Enhancing the performance of next-generation electric vehicle (EV) batteries relies on advancements in energy storage technologies. This study explores the potential of corannulene, a nanomaterial renowned for its exceptional electronic properties, to optimize battery performance by fine-tuning its dielectric properties. Traditionally, such optimization methods have been limited to conventional approaches. However, this research adopts a novel machine learning methodology utilizing an experimental dataset encompassing five key features: “frequency,” “real part,” “imaginary part,” “dielectric strength,” and “dielectric loss.” These features are employed to train various machine learning models, including baseline, ensemble-tree, and boosting techniques, with the aim of predicting optimal values for dielectric loss (to minimize negative impact) and dielectric strength (to maximize efficiency). Subsequently, a Nelder-Mead optimization algorithm, coupled with a stacking model, is employed to determine the optimal range for these features, thereby enhancing battery performance. Promising results are obtained, with Ensemble Tree Regression (ETR) and Stacking models achieving remarkable R2 scores of 0.9973 and 0.9995 for predicting dielectric loss and dielectric strength, respectively. The Nelder-Mead optimization, guided by these machine learning models, effectively recommends optimal ranges for corannulene nanomaterial properties. Notably, ETR and Stacking based optimization outperform other models. This integrated machine learning and optimization approach represents a significant step toward designing not only more efficient but also more sustainable EV batteries, thereby accelerating the automotive industry’s transition to a greener future.

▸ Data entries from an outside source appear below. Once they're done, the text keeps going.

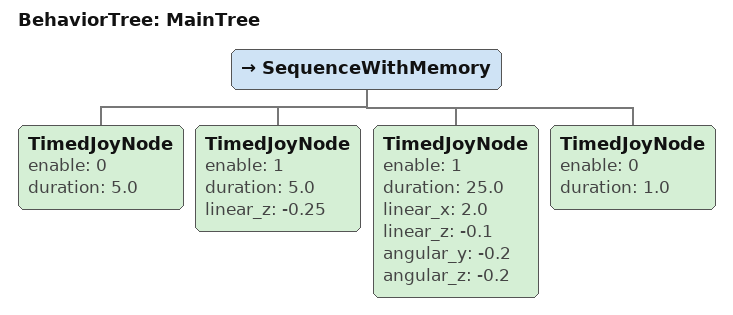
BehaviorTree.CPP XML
<root BTCPP_format="4" >
    <BehaviorTree ID="MainTree">
        <SequenceWithMemory>
            <TimedJoyNode enable="0"
                          duration="5.0" />

            <TimedJoyNode enable="1"
                          duration="5.0"
                          linear_z="-0.25" />

            <TimedJoyNode enable="1"
                          duration="25.0"
                          linear_x="2.0"
                          linear_z="-0.1"
                          angular_y="-0.2"
                          angular_z="-0.2" />

            <TimedJoyNode enable="0"
                          duration="1.0" />
        </SequenceWithMemory>
    </BehaviorTree>
 </root>
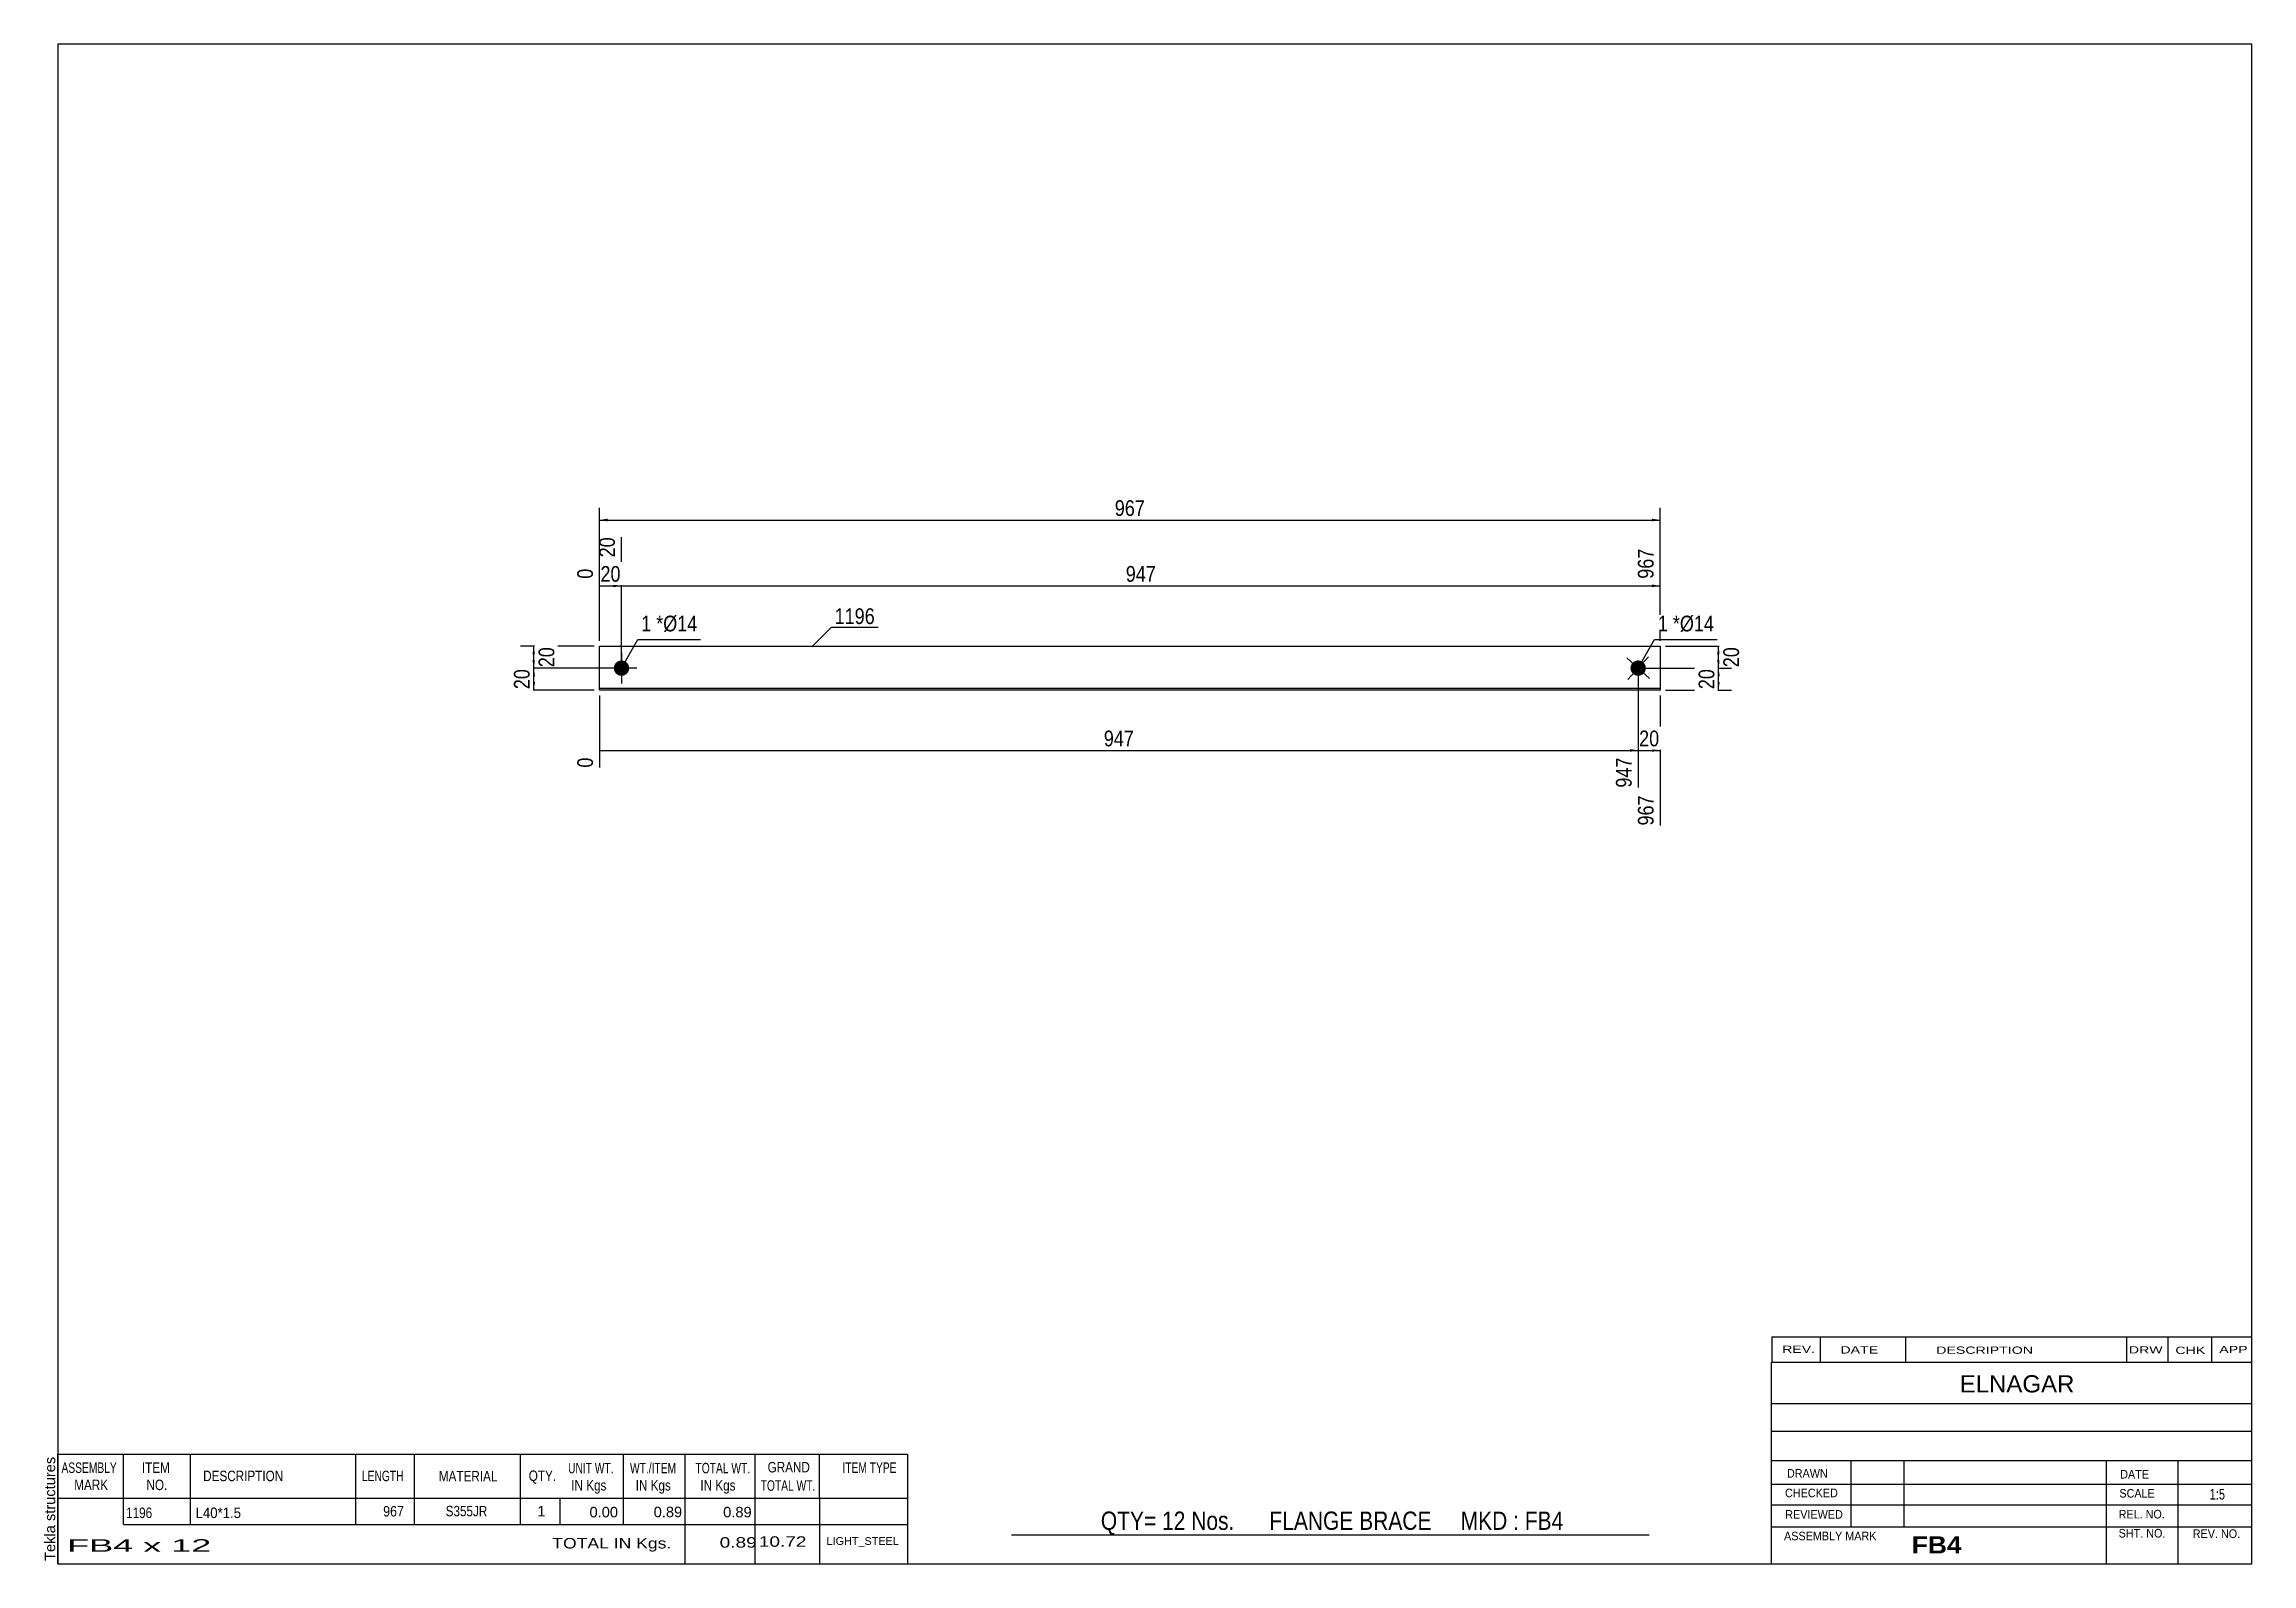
# Model space of a CAD drawing. Header units: millimetres. Extents: x -101 to 301, y -163 to 114.
import ezdxf

# ---------------------------------------------------------------- set-up
doc = ezdxf.new("R2010")
doc.units = ezdxf.units.MM
doc.styles.add('Arial', font='ARIAL.TTF', dxfattribs={"height": 0.2})
doc.styles.add('Arial Bold', font='ARIALBD.TTF', dxfattribs={"height": 0.2})
doc.styles.add('Arial Narrow', font='ARIALN.TTF', dxfattribs={"height": 0.2})

# ---------------------------------------------------------------- blocks, each defined once
blk = doc.blocks.new('Unknown-627372678-1474')
at = {"color": 5, "linetype": 'Continuous'}
for p, q in [((301.25, 113.75), (-98.75, 113.75)), ((-98.75, 113.75), (-98.75, -163.25)), ((301.25, -163.25), (301.25, 113.75)), ((-98.75, -163.25), (301.25, -163.25))]:
    blk.add_line(p, q, dxfattribs=at)
at = {"color": 174, "linetype": 'Continuous', "style": 'Arial'}
blk.add_text('Tekla structures', height=1.9102, rotation=90, dxfattribs=at).set_placement((-99.25, -162.75))
blk = doc.blocks.new('Part-627372678-1227 - 1212')
at = {"color": 2, "linetype": 'Continuous'}
for p, q in [((0, -4), (0, 4)), ((0, 4), (193.37, 4)), ((193.37, 4), (193.37, -4)), ((193.37, -3.7), (0, -3.7)), ((193.37, -4), (0, -4))]:
    blk.add_line(p, q, dxfattribs=at)
blk = doc.blocks.new('Bolt-627372678-1228 - 1212')
at = {"linetype": 'Continuous'}
blk.add_hatch(color=3, dxfattribs=at).paths.add_polyline_path([(188.42, -1.04, -1), (190.31, 1.04, -1)])
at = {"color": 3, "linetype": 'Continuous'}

优化环烯纳米材料的介电性能以增强下一代电动汽车电池的性能:一种机器学习和Nelder-Mead优化方法
提高下一代电动汽车(EV)电池的性能依赖于储能技术的进步。这项研究探索了纳米材料corannulene的潜力,这种纳米材料以其卓越的电子性能而闻名,通过微调其介电性能来优化电池性能。传统上,这种优化方法仅限于常规方法。然而,本研究采用了一种新颖的机器学习方法,利用包含五个关键特征的实验数据集:“频率”、“实部”、“虚部”、“介电强度”和“介电损耗”。这些特征被用来训练各种机器学习模型,包括基线、集成树和提升技术,目的是预测介电损耗(最小化负面影响)和介电强度(最大化效率)的最佳值。随后,采用Nelder-Mead优化算法,结合叠加模型,确定这些特征的最优范围,从而提高电池性能。综合树回归(ETR)和Stacking模型预测介质损耗和介质强度的R2得分分别为0.9973和0.9995,取得了令人满意的结果。在这些机器学习模型的指导下,Nelder-Mead优化有效地推荐了环烯纳米材料性能的最佳范围。值得注意的是,基于ETR和堆叠的优化优于其他模型。这种集成的机器学习和优化方法是朝着设计更高效、更可持续的电动汽车电池迈出的重要一步,从而加速汽车行业向更环保的未来过渡。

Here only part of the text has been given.